**Data shown**
^^^^
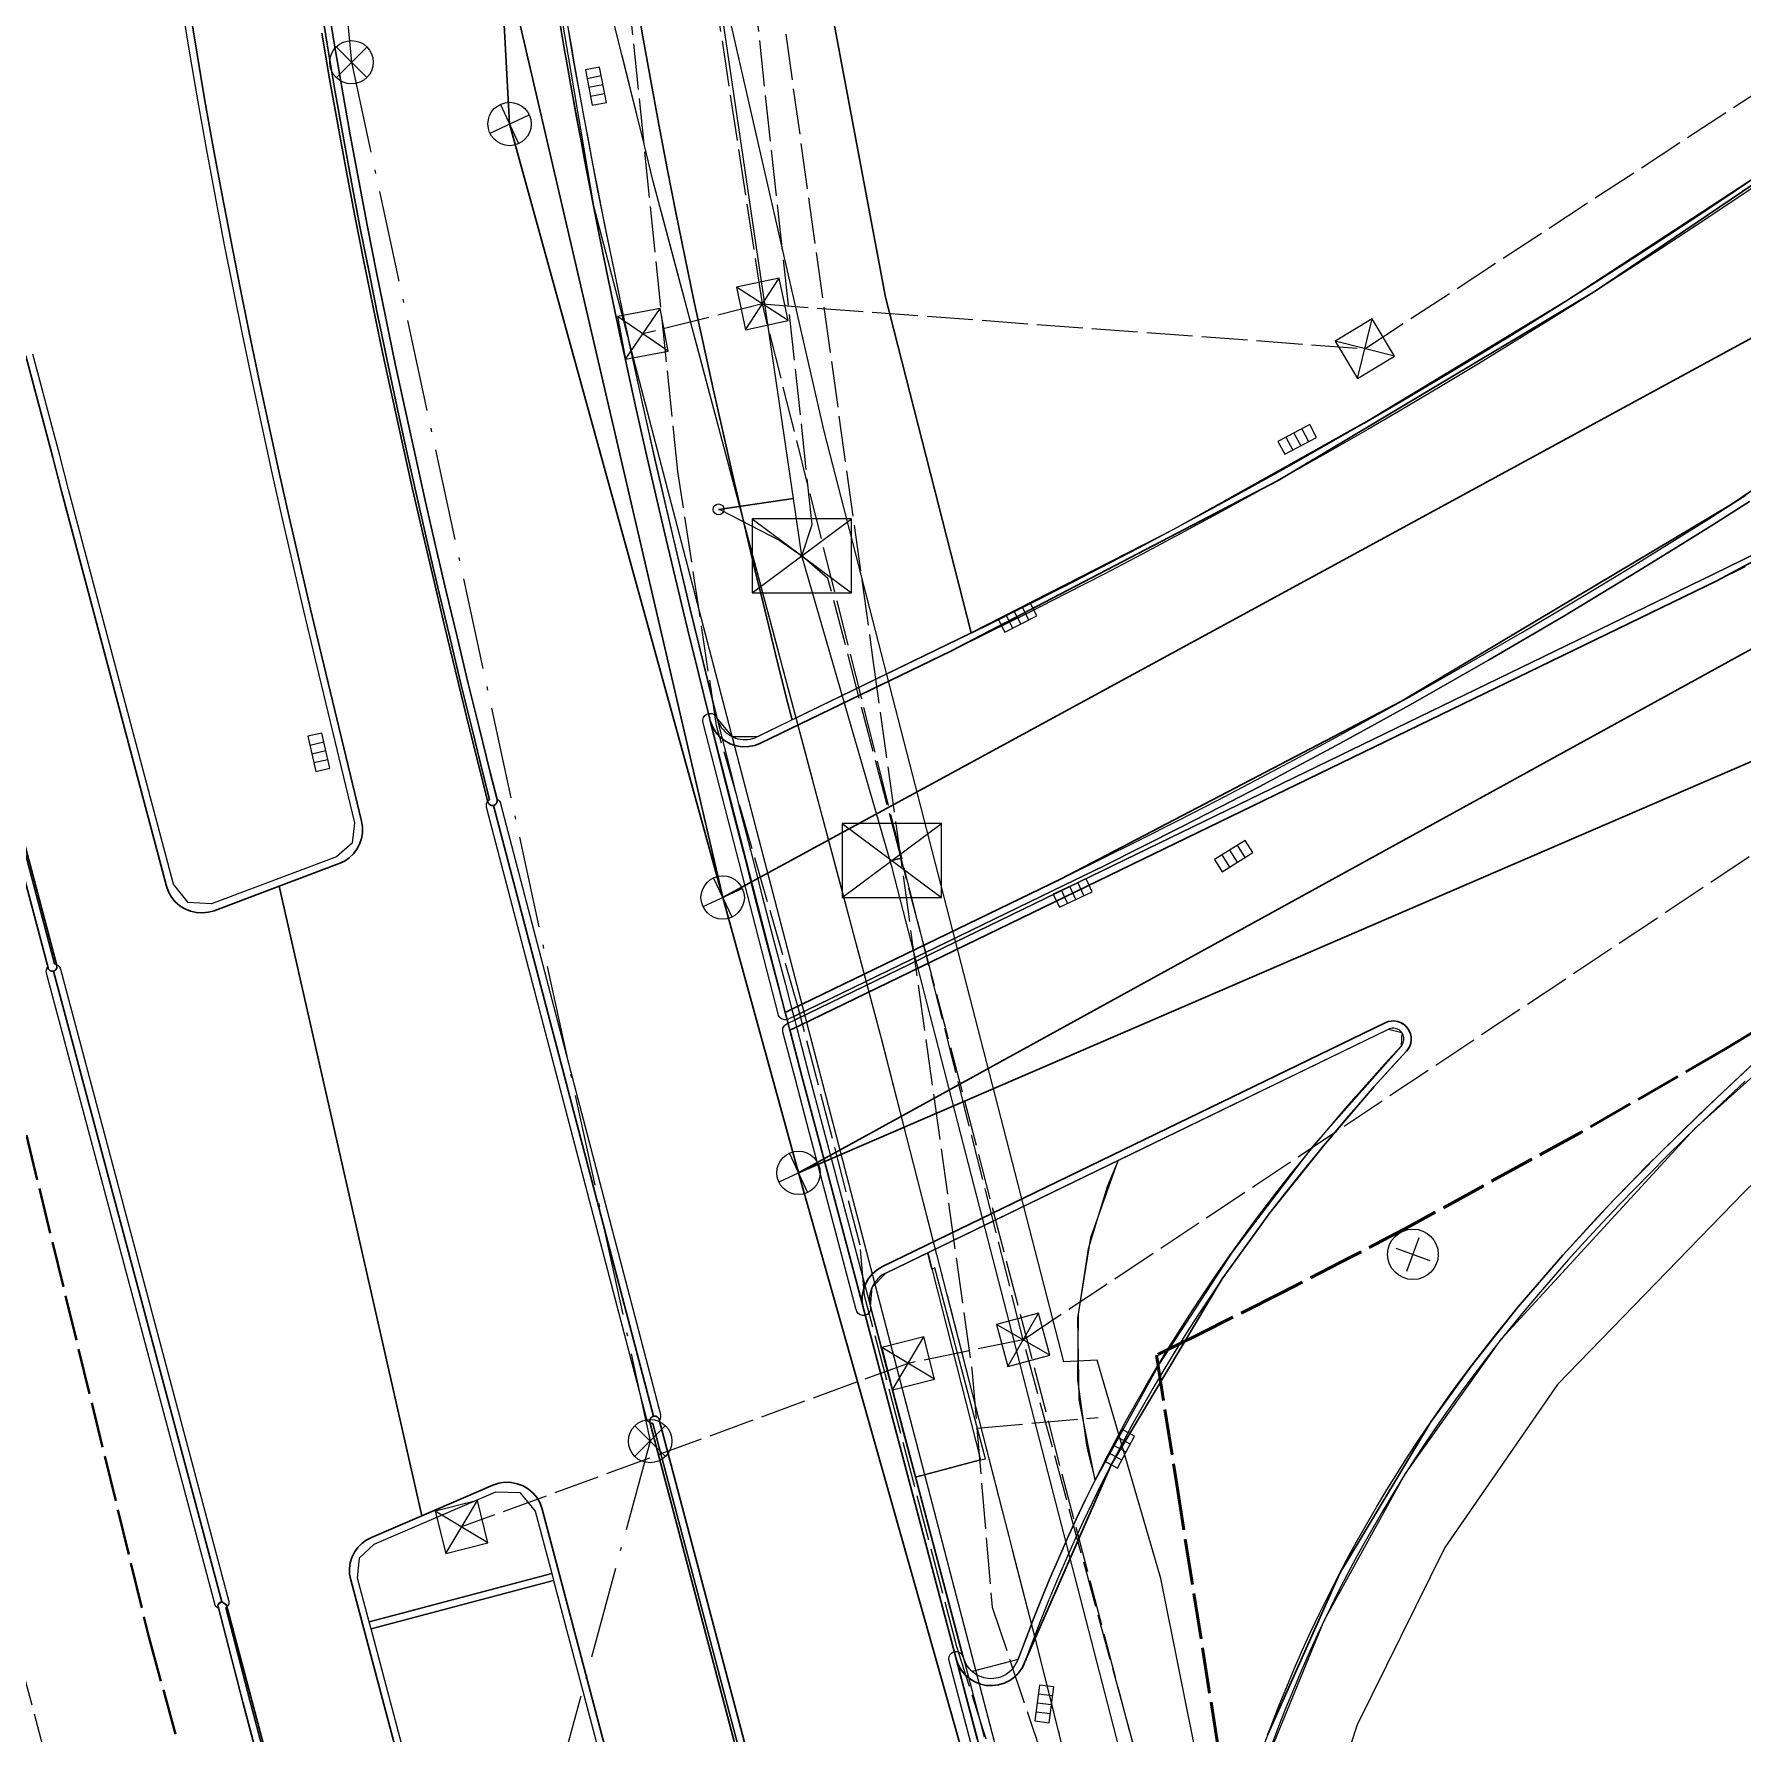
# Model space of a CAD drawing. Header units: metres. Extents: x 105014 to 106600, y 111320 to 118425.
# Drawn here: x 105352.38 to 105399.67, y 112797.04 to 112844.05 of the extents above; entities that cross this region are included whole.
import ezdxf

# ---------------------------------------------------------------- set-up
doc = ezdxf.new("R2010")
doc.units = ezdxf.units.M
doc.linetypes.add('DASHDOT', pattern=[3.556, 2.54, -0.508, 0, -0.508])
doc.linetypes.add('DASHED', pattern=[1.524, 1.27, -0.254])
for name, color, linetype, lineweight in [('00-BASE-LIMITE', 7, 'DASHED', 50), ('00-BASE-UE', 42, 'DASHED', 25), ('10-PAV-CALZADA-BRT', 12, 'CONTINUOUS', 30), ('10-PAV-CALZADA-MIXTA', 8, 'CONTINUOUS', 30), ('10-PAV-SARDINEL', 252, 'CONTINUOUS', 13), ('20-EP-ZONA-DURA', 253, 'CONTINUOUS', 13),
^^^^
**The task**
Determine how many lines of the material include the string "pattern". Output only that count.

**Output of the exercise**
2